Medical device giant Medtronic PLC has told investors that the company is ready to close the book on one of its biggest and longest-running legal headaches, involving the controversial back-surgery product Infuse.

Infuse includes a genetically engineered protein that causes bones to fuse rapidly after lower back pain surgery. Thousands of patients claim the chemical was used inappropriately, causing permanent, debilitating injuries. In a securities filing Tuesday, Minnesota-run Medtronic revealed that it has reached agreements to settle "substantially all" of the 6,000 actual and threatened Infuse lawsuits.

Medtronic did not release figures for the confidential settlements. The company reported that it set aside $300 million for all of its legal settlements in the fiscal year that ended in April, according to the Securities and Exchange Commission filing.

The company said it is cooperating with attorneys general in five states that have sent subpoenas and document requests for information on how Medtronic studied, marketed and sold Infuse. Late last year Medtronic set aside an undisclosed amount of money "in connection with" the inquiries from attorneys general in California, Illinois, Massachusetts, Oregon and Washington, the Tuesday SEC filing said.

"We continue to cooperate in the State AG inquiries and are hopeful an acceptable resolution can be reached," Medtronic spokesman Eric Epperson said via e-mail Wednesday. Spokespeople with each of the state offices declined to comment.

Medtronic had previously disclosed reaching settlements in more than 4,000 Infuse patient lawsuits. In December, a judge in St. Louis cleared the way for the first jury trial involving personal injuries allegedly caused by Infuse. Such a trial could have revealed thousands of pages of sealed internal documents that other plaintiffs could have used in their cases.

Medtronic has always denied the allegations in lawsuits from patients, investors and employees-turned-whistleblowers who claimed over the years that Medtronic promoted sales of Infuse for surgeries that were never proven to be safe and effective uses of the chemical. The company says it strictly follows the law on promotion of medical devices, and it cannot control when doctors use it in unapproved ways, like in pediatric surgery.

The so-called "off-label" use of medical devices is legal because the U.S. Food and Drug Administration regulates only products, not the practice of medicine. Many of the injured patients allege in their lawsuits that they found out about the use of Infuse only after their surgery ended with complications. Some say Medtronic sales reps were present in the operating rooms during their surgeries.

Infuse was approved in 2002 by the FDA for use in adults getting a relatively uncommon type of back surgery. Almost immediately after approval, doctors began widely using the product in ways that the FDA never evaluated for safety, according to statistics published in peer-reviewed journals.

In 2007, Medtronic compiled a database of more than 3,600 Infuse surgeries, the vast majority of which were off-label. The Star Tribune reported last year that more than 1,000 of the surgeries resulted in adverse events, which Medtronic did not report to the FDA for more than five years. The data included a pattern of injuries from a particularly risky off-label use of Infuse in neck surgery — a surgery that later prompted an FDA public warning.

Medtronic paid a $40 million settlement to the Justice Department in 2006 to resolve whistleblower allegations that it paid "kickbacks" to induce doctors to use its spine products. The company paid at least $85 million in a settlement to shareholders in 2012 to resolve allegations that it failed to reveal that most sales of Infuse were for off-label surgeries. In 2014, Medtronic said it paid $22 million to 950 injured Infuse patients. The company denied wrongdoing in each settlement.

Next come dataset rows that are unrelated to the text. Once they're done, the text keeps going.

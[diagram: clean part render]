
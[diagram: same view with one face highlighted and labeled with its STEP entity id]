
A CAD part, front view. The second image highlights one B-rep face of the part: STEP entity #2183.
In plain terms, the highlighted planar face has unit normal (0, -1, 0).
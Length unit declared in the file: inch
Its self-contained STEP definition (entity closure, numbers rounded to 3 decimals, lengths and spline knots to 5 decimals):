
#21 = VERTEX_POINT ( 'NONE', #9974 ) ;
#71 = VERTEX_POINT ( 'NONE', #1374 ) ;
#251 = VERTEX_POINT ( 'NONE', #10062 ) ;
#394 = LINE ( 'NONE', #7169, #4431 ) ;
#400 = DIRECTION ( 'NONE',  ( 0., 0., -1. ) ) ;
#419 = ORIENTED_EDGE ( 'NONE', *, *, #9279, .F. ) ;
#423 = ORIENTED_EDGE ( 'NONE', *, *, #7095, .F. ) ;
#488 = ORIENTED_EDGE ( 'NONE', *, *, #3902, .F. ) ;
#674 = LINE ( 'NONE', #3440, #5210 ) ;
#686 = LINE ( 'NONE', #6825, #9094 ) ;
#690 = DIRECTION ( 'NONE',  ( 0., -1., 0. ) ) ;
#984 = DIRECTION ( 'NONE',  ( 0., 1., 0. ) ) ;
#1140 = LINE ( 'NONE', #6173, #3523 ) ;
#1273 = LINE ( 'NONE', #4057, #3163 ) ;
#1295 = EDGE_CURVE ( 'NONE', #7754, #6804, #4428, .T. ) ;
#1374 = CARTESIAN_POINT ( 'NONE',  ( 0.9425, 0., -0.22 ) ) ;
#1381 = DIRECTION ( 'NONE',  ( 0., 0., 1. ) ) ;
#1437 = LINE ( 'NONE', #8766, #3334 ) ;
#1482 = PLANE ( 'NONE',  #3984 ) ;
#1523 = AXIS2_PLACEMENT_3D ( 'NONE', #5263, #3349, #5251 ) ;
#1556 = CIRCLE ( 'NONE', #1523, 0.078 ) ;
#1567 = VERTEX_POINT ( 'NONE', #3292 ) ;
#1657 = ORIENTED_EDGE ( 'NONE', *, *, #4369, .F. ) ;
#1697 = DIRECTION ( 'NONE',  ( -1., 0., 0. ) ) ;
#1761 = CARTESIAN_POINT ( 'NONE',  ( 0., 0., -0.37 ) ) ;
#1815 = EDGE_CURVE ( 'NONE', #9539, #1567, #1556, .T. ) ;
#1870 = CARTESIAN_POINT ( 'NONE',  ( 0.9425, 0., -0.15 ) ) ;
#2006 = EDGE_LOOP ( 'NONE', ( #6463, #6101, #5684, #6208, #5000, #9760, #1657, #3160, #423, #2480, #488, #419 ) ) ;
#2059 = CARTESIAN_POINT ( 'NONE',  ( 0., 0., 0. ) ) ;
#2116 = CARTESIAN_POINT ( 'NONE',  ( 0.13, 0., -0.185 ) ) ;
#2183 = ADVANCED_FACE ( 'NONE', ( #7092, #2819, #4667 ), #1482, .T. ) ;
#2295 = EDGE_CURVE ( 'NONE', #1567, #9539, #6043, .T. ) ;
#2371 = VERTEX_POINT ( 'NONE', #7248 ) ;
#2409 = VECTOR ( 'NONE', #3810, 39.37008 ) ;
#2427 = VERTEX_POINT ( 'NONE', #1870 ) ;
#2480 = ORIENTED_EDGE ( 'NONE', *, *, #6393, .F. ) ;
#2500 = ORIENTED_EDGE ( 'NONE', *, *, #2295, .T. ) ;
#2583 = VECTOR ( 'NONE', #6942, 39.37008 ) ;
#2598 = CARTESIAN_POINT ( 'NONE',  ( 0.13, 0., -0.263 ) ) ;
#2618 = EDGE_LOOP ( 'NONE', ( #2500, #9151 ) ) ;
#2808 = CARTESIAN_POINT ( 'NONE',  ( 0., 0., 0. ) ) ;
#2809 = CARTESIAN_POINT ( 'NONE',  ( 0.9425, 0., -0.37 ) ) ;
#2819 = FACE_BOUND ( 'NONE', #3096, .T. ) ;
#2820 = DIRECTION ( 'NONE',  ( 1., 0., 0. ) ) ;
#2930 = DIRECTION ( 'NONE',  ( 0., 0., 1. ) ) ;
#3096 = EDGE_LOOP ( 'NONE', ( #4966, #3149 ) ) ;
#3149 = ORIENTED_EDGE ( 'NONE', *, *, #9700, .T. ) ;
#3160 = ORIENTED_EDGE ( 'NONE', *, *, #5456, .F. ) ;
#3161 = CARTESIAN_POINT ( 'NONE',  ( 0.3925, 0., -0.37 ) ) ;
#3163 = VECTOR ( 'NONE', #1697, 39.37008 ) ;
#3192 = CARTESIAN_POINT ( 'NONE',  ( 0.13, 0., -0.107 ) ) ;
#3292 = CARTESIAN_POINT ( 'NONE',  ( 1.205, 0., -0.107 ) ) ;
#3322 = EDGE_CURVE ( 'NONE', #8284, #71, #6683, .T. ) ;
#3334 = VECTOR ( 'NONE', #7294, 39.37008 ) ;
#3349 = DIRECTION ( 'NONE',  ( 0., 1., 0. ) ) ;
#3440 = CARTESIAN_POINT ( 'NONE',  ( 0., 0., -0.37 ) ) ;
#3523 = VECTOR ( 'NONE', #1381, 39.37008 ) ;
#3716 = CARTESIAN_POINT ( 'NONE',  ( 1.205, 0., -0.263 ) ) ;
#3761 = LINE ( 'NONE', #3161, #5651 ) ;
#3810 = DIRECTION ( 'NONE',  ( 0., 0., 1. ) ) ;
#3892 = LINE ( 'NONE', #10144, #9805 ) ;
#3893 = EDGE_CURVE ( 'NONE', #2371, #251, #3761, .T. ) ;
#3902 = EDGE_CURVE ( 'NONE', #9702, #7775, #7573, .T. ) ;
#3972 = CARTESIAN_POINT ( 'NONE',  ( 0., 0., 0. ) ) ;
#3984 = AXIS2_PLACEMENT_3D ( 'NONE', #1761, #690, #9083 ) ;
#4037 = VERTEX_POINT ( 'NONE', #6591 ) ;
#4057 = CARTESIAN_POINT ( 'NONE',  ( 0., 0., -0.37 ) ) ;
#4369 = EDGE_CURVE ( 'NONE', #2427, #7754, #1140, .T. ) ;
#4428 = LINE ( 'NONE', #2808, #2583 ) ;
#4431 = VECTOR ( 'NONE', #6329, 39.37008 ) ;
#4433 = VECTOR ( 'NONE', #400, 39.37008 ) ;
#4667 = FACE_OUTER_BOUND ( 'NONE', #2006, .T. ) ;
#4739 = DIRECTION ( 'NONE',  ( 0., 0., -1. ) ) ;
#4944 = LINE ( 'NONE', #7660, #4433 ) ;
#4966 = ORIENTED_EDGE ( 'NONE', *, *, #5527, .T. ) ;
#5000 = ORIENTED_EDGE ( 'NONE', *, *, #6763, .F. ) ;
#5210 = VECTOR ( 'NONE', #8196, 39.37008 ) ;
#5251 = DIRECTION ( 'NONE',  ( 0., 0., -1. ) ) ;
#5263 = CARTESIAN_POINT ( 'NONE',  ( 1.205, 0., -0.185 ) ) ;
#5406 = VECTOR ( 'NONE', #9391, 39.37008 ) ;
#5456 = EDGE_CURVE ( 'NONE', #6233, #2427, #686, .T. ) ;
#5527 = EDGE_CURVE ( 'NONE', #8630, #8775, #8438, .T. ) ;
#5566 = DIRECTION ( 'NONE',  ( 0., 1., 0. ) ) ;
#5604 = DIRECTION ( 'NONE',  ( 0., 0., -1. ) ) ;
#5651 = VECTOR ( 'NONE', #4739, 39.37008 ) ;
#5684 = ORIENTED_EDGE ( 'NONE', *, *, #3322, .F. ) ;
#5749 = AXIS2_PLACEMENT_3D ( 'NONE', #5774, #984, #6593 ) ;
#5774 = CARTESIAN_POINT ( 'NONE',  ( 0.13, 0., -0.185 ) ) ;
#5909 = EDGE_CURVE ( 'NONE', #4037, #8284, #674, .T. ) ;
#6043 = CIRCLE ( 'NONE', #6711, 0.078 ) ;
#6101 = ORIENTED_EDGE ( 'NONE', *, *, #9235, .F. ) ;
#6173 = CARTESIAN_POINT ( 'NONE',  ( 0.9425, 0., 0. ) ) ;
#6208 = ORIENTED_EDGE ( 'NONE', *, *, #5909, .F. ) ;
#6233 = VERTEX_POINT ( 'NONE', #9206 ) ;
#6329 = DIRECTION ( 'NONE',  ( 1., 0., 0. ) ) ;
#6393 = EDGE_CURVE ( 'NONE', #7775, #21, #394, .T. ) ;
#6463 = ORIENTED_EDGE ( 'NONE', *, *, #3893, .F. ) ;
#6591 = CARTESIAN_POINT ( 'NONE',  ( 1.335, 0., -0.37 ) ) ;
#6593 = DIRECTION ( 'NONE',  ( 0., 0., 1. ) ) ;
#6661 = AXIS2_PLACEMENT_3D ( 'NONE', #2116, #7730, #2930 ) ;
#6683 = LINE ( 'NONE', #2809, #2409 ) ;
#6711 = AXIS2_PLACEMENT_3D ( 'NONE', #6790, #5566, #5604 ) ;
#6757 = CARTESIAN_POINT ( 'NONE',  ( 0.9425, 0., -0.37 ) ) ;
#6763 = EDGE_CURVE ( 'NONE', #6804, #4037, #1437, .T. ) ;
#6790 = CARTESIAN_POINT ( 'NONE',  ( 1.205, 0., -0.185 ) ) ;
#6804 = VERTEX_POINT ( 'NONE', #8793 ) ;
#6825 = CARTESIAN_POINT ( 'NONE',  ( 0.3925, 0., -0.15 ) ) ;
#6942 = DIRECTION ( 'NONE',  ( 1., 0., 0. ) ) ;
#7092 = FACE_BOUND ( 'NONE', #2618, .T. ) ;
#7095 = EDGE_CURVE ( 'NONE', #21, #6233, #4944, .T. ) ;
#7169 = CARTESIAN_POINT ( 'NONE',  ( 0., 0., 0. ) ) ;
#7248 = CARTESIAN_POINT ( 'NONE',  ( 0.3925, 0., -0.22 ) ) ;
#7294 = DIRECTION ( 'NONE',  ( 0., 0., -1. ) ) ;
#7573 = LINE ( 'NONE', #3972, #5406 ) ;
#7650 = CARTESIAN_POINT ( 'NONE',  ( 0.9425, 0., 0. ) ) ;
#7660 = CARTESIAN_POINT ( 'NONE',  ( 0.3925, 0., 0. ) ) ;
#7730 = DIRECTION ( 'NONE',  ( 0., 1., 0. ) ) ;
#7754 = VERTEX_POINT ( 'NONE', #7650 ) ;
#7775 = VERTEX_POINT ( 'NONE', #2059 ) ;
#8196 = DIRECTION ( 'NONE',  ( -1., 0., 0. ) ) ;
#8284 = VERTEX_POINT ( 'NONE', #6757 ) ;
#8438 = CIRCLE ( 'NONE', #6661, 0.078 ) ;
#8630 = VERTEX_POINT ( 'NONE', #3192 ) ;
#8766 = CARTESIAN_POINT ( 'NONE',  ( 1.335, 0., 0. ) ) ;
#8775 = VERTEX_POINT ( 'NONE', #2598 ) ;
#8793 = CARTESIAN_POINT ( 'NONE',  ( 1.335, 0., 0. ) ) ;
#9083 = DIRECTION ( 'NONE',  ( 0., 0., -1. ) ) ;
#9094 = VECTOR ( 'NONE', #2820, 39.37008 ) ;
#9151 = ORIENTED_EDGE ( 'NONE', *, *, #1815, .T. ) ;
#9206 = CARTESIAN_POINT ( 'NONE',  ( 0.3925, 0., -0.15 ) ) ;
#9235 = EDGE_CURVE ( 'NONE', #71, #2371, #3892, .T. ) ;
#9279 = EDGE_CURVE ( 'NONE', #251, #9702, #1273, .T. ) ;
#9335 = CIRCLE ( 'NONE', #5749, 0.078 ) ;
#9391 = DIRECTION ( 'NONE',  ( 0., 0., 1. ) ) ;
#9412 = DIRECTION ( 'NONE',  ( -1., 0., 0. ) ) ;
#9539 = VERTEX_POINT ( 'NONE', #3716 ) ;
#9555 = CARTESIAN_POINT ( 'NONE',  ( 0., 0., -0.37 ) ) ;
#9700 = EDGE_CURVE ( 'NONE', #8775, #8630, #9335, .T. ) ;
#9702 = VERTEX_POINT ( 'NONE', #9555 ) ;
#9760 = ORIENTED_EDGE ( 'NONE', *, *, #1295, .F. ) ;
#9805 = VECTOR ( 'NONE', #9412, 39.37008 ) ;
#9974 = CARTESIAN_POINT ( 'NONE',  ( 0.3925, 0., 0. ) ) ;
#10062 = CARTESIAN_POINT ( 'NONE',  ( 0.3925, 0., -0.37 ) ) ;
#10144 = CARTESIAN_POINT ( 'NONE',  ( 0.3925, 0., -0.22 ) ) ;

The SEC filing on Tuesday did not reveal the exact amount of money Medtronic has agreed to pay for its remaining 6,000 Infuse patient cases. The filing says the company wrote off $300 million for "certain litigation charges" including the Infuse settlements in the fiscal year ended in April. That was up from $26 million in litigation charges booked in 2016.

Earlier Infuse settlements broke awards into tiers depending on the severity of the injury, with those who were most badly hurt collecting the largest amounts. The individual amounts received in personal injury cases are reduced by attorneys' contingencies that often range from 33 to 40 percent of the award, as well as insurance company "clawbacks" of money paid to cover surgeries.

Pat Beaudry of Apple Valley was left with chronic pain on his left side after getting Infuse during back surgery. Today he uses a cane and often cannot move his left leg. He says his left hand is numb. He still takes opioids daily. He will never be able to work again.

"My settlement was based on $27,000," Beaudry said Wednesday by phone. "By the time it was done, I got $2,200. ... I am so disappointed in the medical system, but also in the legal system."